== RECORDS PROVIDED

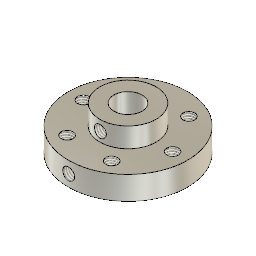
Mouting hub (Autodesk Fusion 360 design; units mm, degrees)
Autodesk Fusion 360 part; units mm, degrees
sketch "Esquisse1" plane through (0, 0, 0) normal (0, 0, 1) x (1, 0, 0)
  circle A0 centre (0, 0) radius 12.7
  circle A1 centre (0, 0) radius 6
  circle A2 centre (0, 0) radius 3
  dimension "d1" = 25.4
  dimension "d2" = 12
  dimension "d3" = 6
  constraint coincident A0.centre A1.centre
  constraint concentric A0 A2
  measures "d1" diameter of A0
  measures "d2" diameter of A1
  measures "d3" diameter of A2
extrude "Extrusion1" add sketch "Esquisse1" along normal blind 5 contours A0
extrude "Extrusion2" add sketch "Esquisse1" along normal blind 9.2 contours A1
sketch "Esquisse2" plane through (0, 0, 5) normal (0, 0, 1) x (-1, 0, 0)
  circle A0 centre (0, 0) radius 6
  circle A1 centre (0, 0) radius 12.7
  circle A2 centre (0, 0) radius 9.5
  circle A3 centre (-9.5, 0) radius 0.445
  circle A4 centre (-4.75, -8.2272) radius 0.445
  circle A5 centre (4.75, -8.2272) radius 0.445
  circle A6 centre (9.5, 0) radius 0.445
  circle A7 centre (4.75, 8.2272) radius 0.445
  circle A8 centre (-4.75, 8.2272) radius 0.445
  point P0 (-4.75, -8.2272)
  point P1 (4.75, -8.2272)
  point P2 (9.5, 0)
  point P3 (4.75, 8.2272)
  point P4 (-4.75, 8.2272)
  dimension "d8" = 19
  dimension "d10" = 0.89
  dimension "d12" = 360
  dimension "d13" = 0.89
  dimension "d14" = 0.89
  dimension "d15" = 0.89
  dimension "d16" = 0.89
  dimension "d17" = 0.89
  constraint concentric A0 A2
  constraint coincident A2 A3.centre
  constraint coincident P0 A4.centre
  constraint coincident P1 A5.centre
  constraint coincident P2 A6.centre
  constraint coincident P3 A7.centre
  constraint coincident P4 A8.centre
  measures "d8" diameter of A2
  measures "d10" diameter of A3
  measures "d13" diameter of A4
  measures "d14" diameter of A5
  measures "d15" diameter of A6
  measures "d16" diameter of A7
  measures "d17" diameter of A8
hole "Perçage1" at (4.75, 8.2272, 5) at (-4.75, 8.2272, 5) at (-9.5, 0, 5) at (-4.75, -8.2272, 5) at (4.75, -8.2272, 5) at (9.5, 0, 5) direction (0, 0, -1) diameter 2.529 depth 6 tip angle 118
thread "Filetage1" "ANSI Metric M Profile 3.0 M3x0.5 6H" thread offset 0 thread depth 7.4
sketch "Esquisse3" plane through (0, 0, 0) normal (0, 1, 0) x (1, 0, 0)
  circle A0 centre (0, -2.5) radius 0.445
  circle A1 centre (0, -7) radius 0.445
  dimension "d23" = 0.89
  dimension "d24" = 0.89
  measures "d23" diameter of A0
  measures "d24" diameter of A1
hole "Perçage2" at (0, 0, 7) at (0, 0, 2.5) direction (0, -1, 0) diameter 2.529 depth 22.5 tip angle 118
thread "Filetage2" "ANSI Metric M Profile 3.0 M3x0.5 6H" thread offset 0 thread depth 7.4

====

*PROMPT*.
Copy the line containing "constraint coincident A2 A3.centre" exactly. Then copy every line after it through the end of the listing, and nothing more.

*SOLUTION BELOW*.
  constraint coincident A2 A3.centre
  constraint coincident P0 A4.centre
  constraint coincident P1 A5.centre
  constraint coincident P2 A6.centre
  constraint coincident P3 A7.centre
  constraint coincident P4 A8.centre
  measures "d8" diameter of A2
  measures "d10" diameter of A3
  measures "d13" diameter of A4
  measures "d14" diameter of A5
  measures "d15" diameter of A6
  measures "d16" diameter of A7
  measures "d17" diameter of A8
hole "Perçage1" at (4.75, 8.2272, 5) at (-4.75, 8.2272, 5) at (-9.5, 0, 5) at (-4.75, -8.2272, 5) at (4.75, -8.2272, 5) at (9.5, 0, 5) direction (0, 0, -1) diameter 2.529 depth 6 tip angle 118
thread "Filetage1" "ANSI Metric M Profile 3.0 M3x0.5 6H" thread offset 0 thread depth 7.4
sketch "Esquisse3" plane through (0, 0, 0) normal (0, 1, 0) x (1, 0, 0)
  circle A0 centre (0, -2.5) radius 0.445
  circle A1 centre (0, -7) radius 0.445
  dimension "d23" = 0.89
  dimension "d24" = 0.89
  measures "d23" diameter of A0
  measures "d24" diameter of A1
hole "Perçage2" at (0, 0, 7) at (0, 0, 2.5) direction (0, -1, 0) diameter 2.529 depth 22.5 tip angle 118
thread "Filetage2" "ANSI Metric M Profile 3.0 M3x0.5 6H" thread offset 0 thread depth 7.4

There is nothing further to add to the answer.